Actually the trained model itself does not require Python code. It is in the .hdf5 format, which is the standard format for Keras models. I believe it is easy to convert it to be compatible with tf.js using the following method. I'll take a look at this to see if it is feasible.

stutrek commented 3 years ago

Hey, I want to share some progress I made on the front end. There are some new browser APIs that I am happy I got to play with. The back end is still the slowest docker version.

The app now lets you load in a folder of images and traces each one. It saves the file handles and all data from analyses so the next time you open the app it still has all your data. You do need to grant it permission for it to see the files, but that's a single button press.

image

in this image, video-frames is a folder on my computer

It has the size of the image hard coded, and there's no way to make a custom crop, it uses the crop that you built into python. The add video button doesn't work, the video wouldn't load, I think because of a bug in Chrome. The Native File System API is very new, so that's expected. I was imagining something that would let you select specific frames to trace, I'm not sure what the best UI is.

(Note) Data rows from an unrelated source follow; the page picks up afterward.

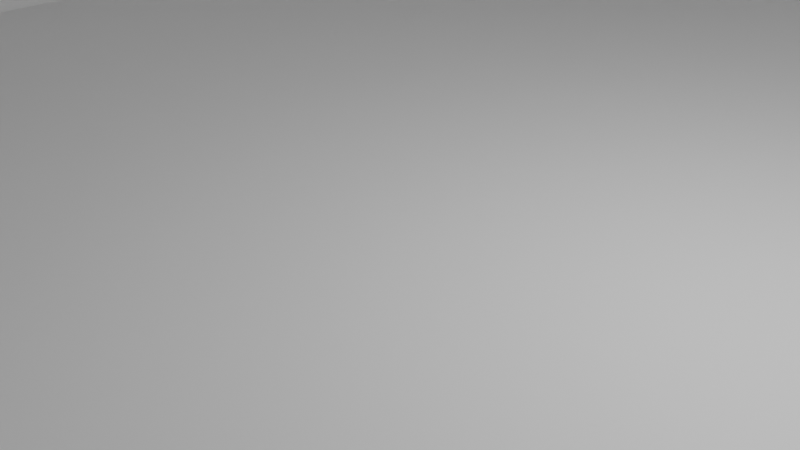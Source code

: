 # Source: buildings.blend  (saved by Blender 4.2.66; exported with 4.5.12 LTS)
import bpy
from mathutils import Matrix  # noqa: F401  (used for matrix-valued properties, if any)

bpy.ops.wm.read_factory_settings(use_empty=True)
scene = bpy.context.scene
scene.name = 'Scene'

# ---- collections
col_collection = bpy.data.collections.new('Collection'); scene.collection.children.link(col_collection)

# ---- materials (node trees are filled in below, after node groups)
mat_material = bpy.data.materials.new('Material')
mat_material.alpha_threshold = 0.0
mat_material.roughness = 0.5
mat_material.line_color = (0.0, 0.0, 0.0, 1.0)

# ---- material node trees
mat_material.use_nodes = True; mat_material.node_tree.nodes.clear()
_N = mat_material.node_tree.nodes; _L = mat_material.node_tree.links
n0 = _N.new('ShaderNodeOutputMaterial'); n0.name = 'Material Output'; n0.location = (300, 300)
n1 = _N.new('ShaderNodeBsdfPrincipled'); n1.name = 'Principled BSDF'; n1.location = (10, 300)
n1.inputs[3].default_value = 1.45
_L.new(n1.outputs[0], n0.inputs[0])
n0.is_active_output = True

# ---- world
world_world = bpy.data.worlds.new('World'); scene.world = world_world
world_world.use_nodes = True; world_world.node_tree.nodes.clear()
_N = world_world.node_tree.nodes; _L = world_world.node_tree.links
n0 = _N.new('ShaderNodeOutputWorld'); n0.name = 'World Output'; n0.location = (300, 300)
n1 = _N.new('ShaderNodeBackground'); n1.name = 'Background'; n1.location = (10, 300)
n1.inputs[0].default_value = (0.05088, 0.05088, 0.05088, 1.0)
_L.new(n1.outputs[0], n0.inputs[0])
n0.is_active_output = True
world_world.color = (0.05088, 0.05088, 0.05088)
world_world.sun_shadow_jitter_overblur = 0.0

# ---- cameras
cam_camera = bpy.data.cameras.new('Camera')
cam_camera.clip_end = 100.0
cam_camera.ortho_scale = 7.314

# ---- lights
light_light = bpy.data.lights.new('Light', 'POINT')
light_light.energy = 1000.0
light_light.shadow_soft_size = 0.1

# ---- meshes
me_cube = bpy.data.meshes.new('Cube')
me_cube.from_pydata([(1.0, 1.0, 2.0), (1.0, 1.0, 0.0), (1.0, -1.0, 2.0), (1.0, -1.0, 0.0), (-1.0, 1.0, 2.0), (-1.0, 1.0, 0.0), (-1.0, -1.0, 2.0), (-1.0, -1.0, 0.0), (1.0, -1.0, 2.0), (-1.0, -1.0, 2.0), (1.0, 1.0, 2.0), (-1.0, 1.0, 2.0), (1.0, -1.0, 2.0), (-1.0, -1.0, 2.0), (1.0, 1.0, 2.0), (-1.0, 1.0, 2.0), (0.0, -1.0, 3.167), (0.0, 1.0, 3.167), (1.0, 1.0, 2.0), (1.0, -1.0, 2.0), (0.0, -1.0, 3.167), (0.0, 1.0, 3.167), (1.0, 1.0, 2.167), (1.0, -1.0, 2.167), (0.0, -1.0, 3.333), (0.0, 1.0, 3.333), (-1.0, -1.0, 2.167), (-1.0, 1.0, 2.167), (0.0, -1.0, 3.333), (0.0, 1.0, 3.333), (1.0, 1.0, 1.36), (-1.0, -1.0, 1.36), (1.0, -1.0, 1.36), (-1.0, 1.0, 1.36), (-1.0, -0.2075, 0.0), (1.0, -0.2075, 2.0), (-1.0, -0.2075, 2.0), (1.0, -0.2075, 0.0), (1.0, -0.2075, 2.0), (-1.0, -0.2075, 2.0), (1.0, -0.2075, 2.0), (-1.0, -0.2075, 2.0), (0.0, -0.2075, 3.167), (1.0, -0.2075, 2.0), (0.0, -0.2075, 3.167), (1.0, -0.2075, 2.167), (0.0, -0.2075, 3.333), (-1.0, -0.2075, 2.167), (0.0, -0.2075, 3.333), (1.0, -0.2075, 1.36), (-1.0, -0.2075, 1.36), (1.69, -1.0, 1.36), (1.69, -1.0, 0.0), (1.69, -0.2075, 1.36), (1.69, -0.2075, 0.0), (1.551, -0.2075, 0.0), (1.551, -1.0, 0.0), (1.554, -1.0, 1.36), (1.554, -0.2075, 1.36)], [], [(6, 2, 8, 9), (32, 2, 6, 31), (50, 36, 4, 33), (34, 37, 3, 7), (49, 35, 2, 32), (33, 4, 0, 30), (10, 11, 15, 14), (36, 6, 9, 39), (35, 0, 10, 38), (0, 4, 11, 10), (41, 13, 26, 47), (38, 10, 14, 40), (39, 9, 13, 41), (9, 8, 12, 13), (13, 12, 16), (14, 15, 17), (16, 12, 19, 20), (43, 18, 22, 45), (40, 14, 18, 43), (14, 17, 21, 18), (42, 16, 20, 44), (45, 22, 25, 46), (18, 21, 25, 22), (44, 20, 24, 46), (20, 19, 23, 24), (26, 29, 27, 47), (13, 16, 28, 26), (17, 15, 27, 29), (42, 17, 29, 48), (26, 28, 48, 29), (5, 33, 30, 1), (56, 55, 54, 52), (34, 50, 33, 5), (3, 32, 31, 7), (7, 31, 50, 34), (1, 30, 49, 37), (16, 42, 48, 28), (21, 44, 46, 25), (23, 45, 46, 24), (17, 42, 44, 21), (12, 40, 43, 19), (19, 43, 45, 23), (11, 39, 41, 15), (8, 38, 40, 12), (15, 41, 47, 27), (2, 35, 38, 8), (4, 36, 39, 11), (30, 0, 35, 49), (5, 1, 37, 34), (31, 6, 36, 50), (54, 53, 51, 52), (58, 57, 51, 53), (57, 56, 52, 51), (55, 58, 53, 54), (51, 23, 45, 53), (37, 49, 58, 55), (32, 3, 56, 57), (49, 32, 57, 58), (3, 37, 55, 56), (57, 19, 43, 58), (58, 43, 45, 53), (35, 43, 58, 49), (51, 23, 19, 57), (2, 19, 57, 32)])
_uv = me_cube.uv_layers.new(name='UVMap')
_uv.uv.foreach_set('vector', [0.625, 1.0, 0.625, 0.75, 0.625, 0.75, 0.625, 1.0, 0.545, 0.75, 0.625, 0.75, 0.625, 1.0, 0.545, 1.0, 0.545, 0.09906, 0.625, 0.09906, 0.625, 0.25, 0.545, 0.25, 0.125, 0.6509, 0.375, 0.6509, 0.375, 0.75, 0.125, 0.75, 0.545, 0.6509, 0.625, 0.6509, 0.625, 0.75, 0.545, 0.75, 0.545, 0.25, 0.625, 0.25, 0.625, 0.5, 0.545, 0.5, 0.625, 0.5, 0.625, 0.25, 0.625, 0.25, 0.625, 0.5, 0.625, 0.09906, 0.625, 0.0, 0.625, 0.0, 0.625, 0.09906, 0.625, 0.6509, 0.625, 0.5, 0.625, 0.5, 0.4688, 0.4882, 0.625, 0.5, 0.625, 0.25, 0.625, 0.25, 0.625, 0.5, 0.625, 0.09906, 0.625, 0.0, 0.625, 0.0, 0.625, 0.09906, 0.4688, 0.4882, 0.625, 0.5, 0.625, 0.5, 0.4688, 0.4882, 0.625, 0.09906, 0.625, 0.0, 0.625, 0.0, 0.625, 0.09906, 0.625, 1.0, 0.625, 0.75, 0.625, 0.75, 0.625, 1.0, 0.625, 1.0, 0.625, 0.75, 0.625, 1.0, 0.625, 0.5, 0.625, 0.25, 0.625, 0.5, 0.625, 1.0, 0.625, 0.75, 0.625, 0.75, 0.625, 1.0, 0.625, 0.6509, 0.625, 0.5, 0.625, 0.5, 0.625, 0.6509, 0.4688, 0.4882, 0.625, 0.5, 0.625, 0.5, 0.625, 0.6509, 0.625, 0.5, 0.625, 0.5, 0.625, 0.5, 0.625, 0.5, 0.625, 0.09906, 0.625, 0.0, 0.625, 0.0, 0.625, 0.09906, 0.625, 0.6509, 0.625, 0.5, 0.625, 0.5, 0.625, 0.6509, 0.625, 0.5, 0.625, 0.5, 0.625, 0.5, 0.625, 0.5, 0.625, 0.09906, 0.625, 0.0, 0.625, 0.0, 0.625, 0.09906, 0.625, 1.0, 0.625, 0.75, 0.625, 0.75, 0.625, 1.0, 0.625, 0.0, 0.625, 0.25, 0.625, 0.25, 0.625, 0.09906, 0.625, 1.0, 0.625, 1.0, 0.625, 1.0, 0.625, 1.0, 0.625, 0.5, 0.625, 0.25, 0.625, 0.25, 0.625, 0.5, 0.625, 0.09906, 0.625, 0.25, 0.625, 0.25, 0.625, 0.09906, 0.625, 0.0, 0.625, 0.0, 0.625, 0.09906, 0.625, 0.25, 0.375, 0.25, 0.545, 0.25, 0.545, 0.5, 0.375, 0.5, 0.375, 0.75, 0.375, 0.6509, 0.375, 0.6509, 0.375, 0.75, 0.375, 0.09906, 0.545, 0.09906, 0.545, 0.25, 0.375, 0.25, 0.375, 0.75, 0.545, 0.75, 0.545, 1.0, 0.375, 1.0, 0.375, 0.0, 0.545, 0.0, 0.545, 0.09906, 0.375, 0.09906, 0.375, 0.5, 0.545, 0.5, 0.545, 0.6509, 0.375, 0.6509, 0.625, 0.0, 0.625, 0.09906, 0.625, 0.09906, 0.625, 0.0, 0.625, 0.25, 0.625, 0.09906, 0.625, 0.09906, 0.625, 0.25, 0.625, 0.75, 0.625, 0.6509, 0.625, 0.6509, 0.625, 0.75, 0.625, 0.25, 0.625, 0.09906, 0.625, 0.09906, 0.625, 0.25, 0.625, 0.75, 0.4688, 0.4882, 0.625, 0.6509, 0.625, 0.75, 0.625, 0.75, 0.625, 0.6509, 0.625, 0.6509, 0.625, 0.75, 0.625, 0.25, 0.625, 0.09906, 0.625, 0.09906, 0.625, 0.25, 0.625, 0.75, 0.4688, 0.4882, 0.4688, 0.4882, 0.625, 0.75, 0.625, 0.25, 0.625, 0.09906, 0.625, 0.09906, 0.625, 0.25, 0.625, 0.75, 0.625, 0.6509, 0.4688, 0.4882, 0.625, 0.75, 0.625, 0.25, 0.625, 0.09906, 0.625, 0.09906, 0.625, 0.25, 0.545, 0.5, 0.625, 0.5, 0.625, 0.6509, 0.545, 0.6509, 0.125, 0.5, 0.375, 0.5, 0.375, 0.6509, 0.125, 0.6509, 0.545, 0.0, 0.625, 0.0, 0.625, 0.09906, 0.545, 0.09906, 0.375, 0.6509, 0.545, 0.6509, 0.545, 0.75, 0.375, 0.75, 0.545, 0.6509, 0.545, 0.75, 0.545, 0.75, 0.545, 0.6509, 0.545, 0.75, 0.375, 0.75, 0.375, 0.75, 0.545, 0.75, 0.375, 0.6509, 0.545, 0.6509, 0.545, 0.6509, 0.375, 0.6509, 0.545, 0.75, 0.625, 0.75, 0.625, 0.6509, 0.545, 0.6509, 0.375, 0.6509, 0.545, 0.6509, 0.545, 0.6509, 0.375, 0.6509, 0.545, 0.75, 0.375, 0.75, 0.375, 0.75, 0.545, 0.75, 0.545, 0.6509, 0.545, 0.75, 0.545, 0.75, 0.545, 0.6509, 0.375, 0.75, 0.375, 0.6509, 0.375, 0.6509, 0.375, 0.75, 0.545, 0.75, 0.625, 0.75, 0.625, 0.6509, 0.545, 0.6509, 0.0, 0.0, 0.0, 0.0, 0.0, 0.0, 0.0, 0.0, 0.0, 0.0, 0.0, 0.0, 0.0, 0.0, 0.0, 0.0, 0.0, 0.0, 0.0, 0.0, 0.0, 0.0, 0.0, 0.0, 0.0, 0.0, 0.0, 0.0, 0.0, 0.0, 0.0, 0.0])
me_cube.materials.append(mat_material)
me_cube.use_mirror_vertex_groups = False
me_cube.update()

# ---- objects
ob_cube = bpy.data.objects.new('Cube', me_cube)
ob_light = bpy.data.objects.new('Light', light_light)
ob_camera = bpy.data.objects.new('Camera', cam_camera)
ob_empty = bpy.data.objects.new('Empty', None)

# ---- transforms, parenting, visibility, modifiers, constraints
ob_cube.location = (0.0, 0.0, 0.0)
ob_cube.scale = (10.0, 15.0, 6.0)
ob_cube.lock_rotations_4d = False
ob_cube.empty_display_type = 'ARROWS'
ob_cube.lineart.crease_threshold = 0.0
ob_light.location = (4.076, 1.005, 5.904)
ob_light.rotation_euler = (0.6503, 0.05522, 1.866)
ob_light.lock_rotations_4d = False
ob_light.empty_display_type = 'ARROWS'
ob_light.color = (0.0, 0.0, 0.0, 0.0)
ob_light.lineart.crease_threshold = 0.0
ob_camera.location = (7.359, -6.926, 4.958)
ob_camera.rotation_euler = (1.109, 0.0, 0.8149)
ob_camera.lock_rotations_4d = False
ob_camera.empty_display_type = 'ARROWS'
ob_camera.color = (0.0, 0.0, 0.0, 0.0)
ob_camera.display_type = 'WIRE'
ob_camera.lineart.crease_threshold = 0.0
ob_empty.location = (0.0, -44.75, 0.0)
ob_empty.rotation_euler = (1.571, 0.0, 0.0)
ob_empty.empty_display_type = 'IMAGE'
ob_empty.empty_display_size = 32.97
ob_empty.empty_image_offset = (-0.5, -0.06912)

# ---- collection membership
col_collection.objects.link(ob_cube)
col_collection.objects.link(ob_light)
col_collection.objects.link(ob_camera)
col_collection.objects.link(ob_empty)

# ---- scene / render settings (as saved in the file)
scene.camera = ob_camera
scene.frame_start = 1; scene.frame_end = 250; scene.frame_set(1)
scene.render.engine = 'BLENDER_EEVEE_NEXT'
bpy.context.view_layer.update()

I do want to talk about this, I have some time over the holidays since we aren't traveling this year. Since I'm only doing this for fun, and realistically this isn't going to stay fun forever, I want to get it to a place that it can be shared and iterated on by you or other people in the community.

lingjzhu commented 3 years ago

@stutrek This looks amazing! I am sorry that I should have followed up earlier. I fell ill this week and took time off. I understand this is a lot of work and appreciate that. I should contribute my part to it. I do not know Java nor JS, but I think I could debug the model. Let me play with your code first.

If you think talking is a good idea, would you mind if I reach you by email? Perhaps we can set up some time for it? Thanks!

stutrek commented 3 years ago

Yes, email me. My email is on my github profile.

All the code I wrote is TypeScript, which is JavaScript with types. The app only works in Chrome because it uses a new browser API for loading files.

Here are some of the tools I used:

Right now I don't think it's worth looking at how it sends data to the server over the socket. The socket and the queue are entangled, it will have to be rewritten for manual crop, and changed again for tensorflow.js.